Last night I played with three databases. O'Reilly subscribes to Bookscan, and we get a spreadsheet every week showing the last week's sell-through (actual sales in stores) and the year-to-date sell-through for umpty-zillion technical books.
Yes, a spreadsheet. Feh and bah to spreadsheets. I saved as CSV and used Text::CSV_XS to write a quick search routine (give me all the books with "XML", "Schema", or "XSLT" in the title; give me all the O'Reilly books; etc.). That was database 1.
Then I wrote a quick screenscraper for the O'Reilly intranet sales page, to fetch the year-to-date sales from the web interface to our data. That was database 2.

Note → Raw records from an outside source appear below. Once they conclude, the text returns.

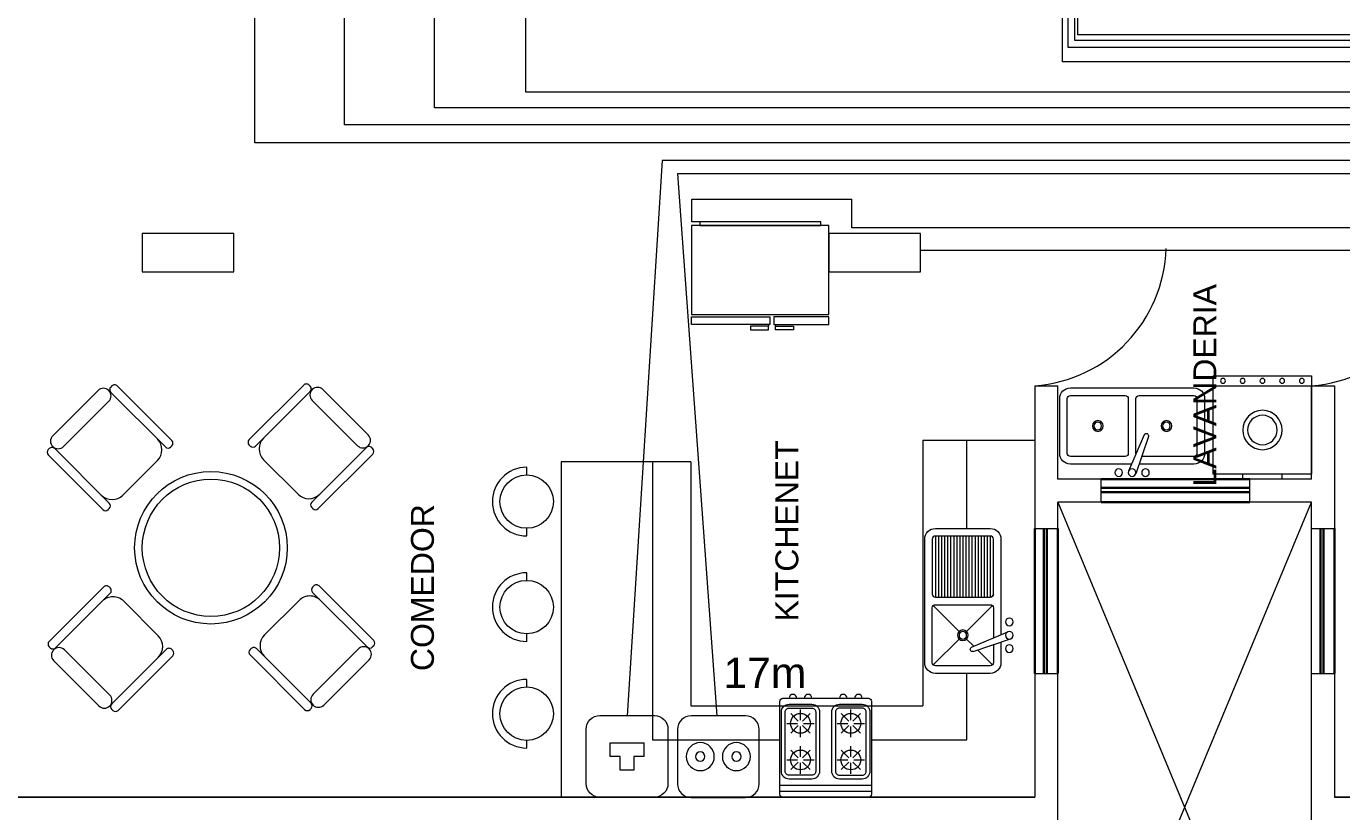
# Model space of a CAD drawing. Header units: metres. Extents: x -2 to 3328848, y -2 to 2725060.
# Drawn here: x 1662824.4 to 1662910.6, y 1362928.1 to 1362979.5 of the extents above; entities that cross this region are included whole.
import ezdxf

# ---------------------------------------------------------------- set-up
doc = ezdxf.new("R2010")
doc.units = ezdxf.units.M
doc.layers.get('0').update_dxf_attribs({"color": 253, "lineweight": 0})
for name, color, linetype, lineweight in [('ICT_TOMAS', 1, 'Continuous', 0), ('muebles', 253, 'Continuous', 0), ('NOFIJO', 253, 'Continuous', 0), ('PUERTAS', 253, 'Continuous', 0), ('ventanas', 253, 'Continuous', 30)]:
    doc.layers.add(name, color=color, linetype=linetype, lineweight=lineweight)
doc.styles.add('COTA', font='arial.ttf', dxfattribs={"height": 1})
doc.styles.get("Standard").update_dxf_attribs({"font": 'arial.ttf'})

# ---------------------------------------------------------------- blocks, each defined once
blk = doc.blocks.new('MESACIRC-4P-D100CM-3')
at = {"layer": 'muebles'}
for p, q in [((-0.6492, 1.0605), (-0.6563, 1.0535)), ((-0.6139, 1.0605), (-0.2563, 0.7029)), ((0.608, 1.0664), (0.2504, 0.7088)), ((0.6632, 1.0368), (0.2928, 0.6664)), ((0.6433, 1.0664), (0.6504, 1.0594)), ((1.0309, 0.7398), (0.7339, 1.0368)), ((-0.7398, 1.0309), (-1.0368, 0.7339)), ((-0.6691, 0.9602), (-0.9661, 0.6632)), ((-0.6691, 1.0309), (-0.2987, 0.6605)), ((0.9602, 0.6691), (0.6632, 0.9661)), ((-1.0664, 0.6433), (-1.0594, 0.6504)), ((-1.0664, 0.608), (-0.7088, 0.2504)), ((-1.0368, 0.6632), (-0.6664, 0.2928)), ((-0.2563, 0.6676), (-0.2633, 0.6605)), ((0.2504, 0.6735), (0.2574, 0.6664)), ((1.0309, 0.6691), (0.6605, 0.2987)), ((1.0605, 0.6139), (0.7029, 0.2563)), ((1.0605, 0.6492), (1.0535, 0.6563)), ((-0.5772, 0.345), (-0.3509, 0.5713)), ((0.345, 0.5772), (0.5713, 0.3509)), ((0.6676, 0.2563), (0.6605, 0.2633)), ((-0.6735, 0.2504), (-0.6664, 0.2574)), ((-1.0605, -0.6139), (-0.7029, -0.2563)), ((-0.6676, -0.2563), (-0.6605, -0.2633)), ((0.6735, -0.2504), (0.6664, -0.2574)), ((1.0664, -0.608), (0.7088, -0.2504)), ((-1.0309, -0.6691), (-0.6605, -0.2987)), ((1.0368, -0.6632), (0.6664, -0.2928)), ((-0.345, -0.5772), (-0.5713, -0.3509)), ((0.5772, -0.345), (0.3509, -0.5713)), ((-1.0605, -0.6492), (-1.0535, -0.6563)), ((-0.9602, -0.6691), (-0.6632, -0.9661)), ((-0.6632, -1.0368), (-0.2928, -0.6664)), ((-0.2504, -0.6735), (-0.2574, -0.6664)), ((0.2563, -0.6676), (0.2633, -0.6605)), ((0.6691, -1.0309), (0.2987, -0.6605)), ((0.6691, -0.9602), (0.9661, -0.6632)), ((1.0664, -0.6433), (1.0594, -0.6504)), ((-1.0309, -0.7398), (-0.7339, -1.0368)), ((-0.608, -1.0664), (-0.2504, -0.7088)), ((0.6139, -1.0605), (0.2563, -0.7029)), ((0.7398, -1.0309), (1.0368, -0.7339)), ((-0.6433, -1.0664), (-0.6504, -1.0594)), ((0.6492, -1.0605), (0.6563, -1.0535))]:
    blk.add_line(p, q, dxfattribs=at)
for radius in [0.5, 0.45]:
    blk.add_circle((0, 0), radius, dxfattribs=at)
for centre, radius, start, end in [((-0.7045, 0.9956), 0.05, 315, 135), ((-0.6386, 1.0358), 0.025, 135, 225), ((-0.6316, 1.0428), 0.025, 45, 135), ((0.6257, 1.0487), 0.025, 45, 135), ((0.6986, 1.0015), 0.05, 45, 225), ((0.6327, 1.0417), 0.025, 315, 45), ((-1.0015, 0.6986), 0.05, 135, 315), ((-0.4217, 0.642), 0.1, 315, 45), ((-0.2739, 0.6852), 0.025, 315, 45), ((0.268, 0.6911), 0.025, 135, 225), ((0.4158, 0.6479), 0.1, 135, 225), ((0.9956, 0.7045), 0.05, 225, 45), ((-1.0487, 0.6257), 0.025, 135, 225), ((-1.0417, 0.6327), 0.025, 45, 135), ((-0.281, 0.6782), 0.025, 225, 315), ((0.2751, 0.6841), 0.025, 225, 315), ((1.0358, 0.6386), 0.025, 45, 135), ((1.0428, 0.6316), 0.025, 315, 45), ((-0.6479, 0.4158), 0.1, 225, 315), ((0.642, 0.4217), 0.1, 225, 315), ((-0.6841, 0.2751), 0.025, 315, 45), ((0.6782, 0.281), 0.025, 135, 225), ((-0.6911, 0.268), 0.025, 225, 315), ((0.6852, 0.2739), 0.025, 225, 315), ((-0.6852, -0.2739), 0.025, 45, 135), ((0.6841, -0.2751), 0.025, 135, 225), ((0.6911, -0.268), 0.025, 45, 135), ((-0.642, -0.4217), 0.1, 45, 135), ((-0.6782, -0.281), 0.025, 315, 45), ((0.6479, -0.4158), 0.1, 45, 135), ((-0.4158, -0.6479), 0.1, 315, 45), ((0.4217, -0.642), 0.1, 135, 225), ((-1.0428, -0.6316), 0.025, 135, 225), ((-1.0358, -0.6386), 0.025, 225, 315), ((-0.9956, -0.7045), 0.05, 45, 225), ((-0.2751, -0.6841), 0.025, 45, 135), ((-0.268, -0.6911), 0.025, 315, 45), ((0.2739, -0.6852), 0.025, 135, 225), ((0.281, -0.6782), 0.025, 45, 135), ((1.0015, -0.6986), 0.05, 315, 135), ((1.0417, -0.6327), 0.025, 225, 315), ((1.0487, -0.6257), 0.025, 315, 45), ((-0.6986, -1.0015), 0.05, 225, 45), ((-0.6327, -1.0417), 0.025, 135, 225), ((0.7045, -0.9956), 0.05, 135, 315), ((0.6386, -1.0358), 0.025, 315, 45), ((-0.6257, -1.0487), 0.025, 225, 315), ((0.6316, -1.0428), 0.025, 225, 315)]:
    blk.add_arc(centre, radius, start, end, dxfattribs=at)
blk = doc.blocks.new('Estufa-p04')
for p, q in [((0.09, 0.3), (0.09, -0.3)), ((0.13, 0.3), (0.13, -0.3)), ((0.2314, 0.2286), (0.2809, 0.1791)), ((0.295, 0.255), (0.295, 0.185)), ((0.3091, 0.1791), (0.3586, 0.2286)), ((0.4714, 0.2286), (0.5209, 0.1791)), ((0.535, 0.255), (0.535, 0.185)), ((0.5491, 0.1791), (0.5986, 0.2286)), ((0.205, 0.165), (0.275, 0.165)), ((0.2314, 0.1014), (0.2809, 0.1509)), ((0.295, 0.145), (0.295, 0.075)), ((0.3091, 0.1509), (0.3586, 0.1014)), ((0.315, 0.165), (0.385, 0.165)), ((0.445, 0.165), (0.515, 0.165)), ((0.4714, 0.1014), (0.5209, 0.1509)), ((0.535, 0.145), (0.535, 0.075)), ((0.5491, 0.1509), (0.5986, 0.1014)), ((0.555, 0.165), (0.625, 0.165)), ((0.295, -0.075), (0.295, -0.145)), ((0.535, -0.075), (0.535, -0.145)), ((0.205, -0.165), (0.275, -0.165)), ((0.2314, -0.1014), (0.2809, -0.1509)), ((0.3091, -0.1509), (0.3586, -0.1014)), ((0.315, -0.165), (0.385, -0.165)), ((0.445, -0.165), (0.515, -0.165)), ((0.4714, -0.1014), (0.5209, -0.1509)), ((0.5491, -0.1509), (0.5986, -0.1014)), ((0.555, -0.165), (0.625, -0.165)), ((0.2314, -0.2286), (0.2809, -0.1791)), ((0.295, -0.185), (0.295, -0.255)), ((0.3091, -0.1791), (0.3586, -0.2286)), ((0.4714, -0.2286), (0.5209, -0.1791)), ((0.535, -0.185), (0.535, -0.255)), ((0.5491, -0.1791), (0.5986, -0.2286))]:
    blk.add_line(p, q)
for points in [[(0.7, 0.28), (0.7, -0.28, -0.414214), (0.68, -0.3), (0.07, -0.3, -0.414214), (0.05, -0.28), (0.05, 0.28, -0.414214), (0.07, 0.3), (0.68, 0.3, -0.414214)], [(0.66, 0.24), (0.66, 0.09, -0.414214), (0.61, 0.04), (0.22, 0.04, -0.414214), (0.17, 0.09), (0.17, 0.24, -0.414214), (0.22, 0.29), (0.61, 0.29, -0.414214)], [(0.635, 0.24), (0.635, 0.09, -0.414214), (0.61, 0.065), (0.22, 0.065, -0.414214), (0.195, 0.09), (0.195, 0.24, -0.414214), (0.22, 0.265), (0.61, 0.265, -0.414214)], [(0.66, -0.09), (0.66, -0.24, -0.414214), (0.61, -0.29), (0.22, -0.29, -0.414214), (0.17, -0.24), (0.17, -0.09, -0.414214), (0.22, -0.04), (0.61, -0.04, -0.414214)], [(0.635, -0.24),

Then I broke out my command-line client for the XML-RPC interface to our Amazon ranks database. Database 3.
I found out that Amazon is far more geeky than the Barnes and Noble-type stores that Bookscan reports on. AOL for Dummies sells really big through real stores, phenomenally poorly on Amazon. (Not surprising, really--once you're on the internet, you probably don't have much use for AOL for Dummies).
Then I compared our sales to bookscan sales to see whether it was possible to make any sense of the two. It wasn't. In some cases, sell-through was more than 100% of the orders our warehouse received. All that means is that the some of the chains had stock, sold it, and haven't reordered from us. Probably because they had too much stock to begin with.
All this from Perl. I'd have been boned trying to do it in Excel or any (spit) application. Proof that every company's financial department should have at least one Perl programmer.
Interestingly, the HTML tables returned by the intranet database interface were so awful that HTML::TableContentParser horked. I had to resort to regular expressions. Interestingly enough, the code became shorter when I did that, and easier to read. How odd ...
Another dead-end was using DBD::CSV. Because I wanted to full-text search the record, regardless of field, constructing SQL queries was too painful and slow. And I couldn't get RLIKE to behave. So Text::CSV_XS was perfect.
--Nat
(all this took about two hours, half of which was spent debugging the HTML scraping and bumbling around with DBD::CSV)
Re:Right-O
Fletch on 2003-05-27T17:39:05
Yes, but then you risk putting the guy who gets the specifications from the customer and brings them to the programmers out of work.</Office Space>
It'd be an interesting freelance service, but then 90% of the demand would be on Wintendo and probably more tedium than fun.
You might also find Spreadsheet::ParseExcel and Spreadsheet::ParseExcel::Simple useful.
John.
--
SQLite never fails to amaze me with the high degree of features and performance coupled with vastly easy use. Few "throw-away" projects would have me dump data into a "real" db, even one I have running on the system, but I do it with SQLite regularly.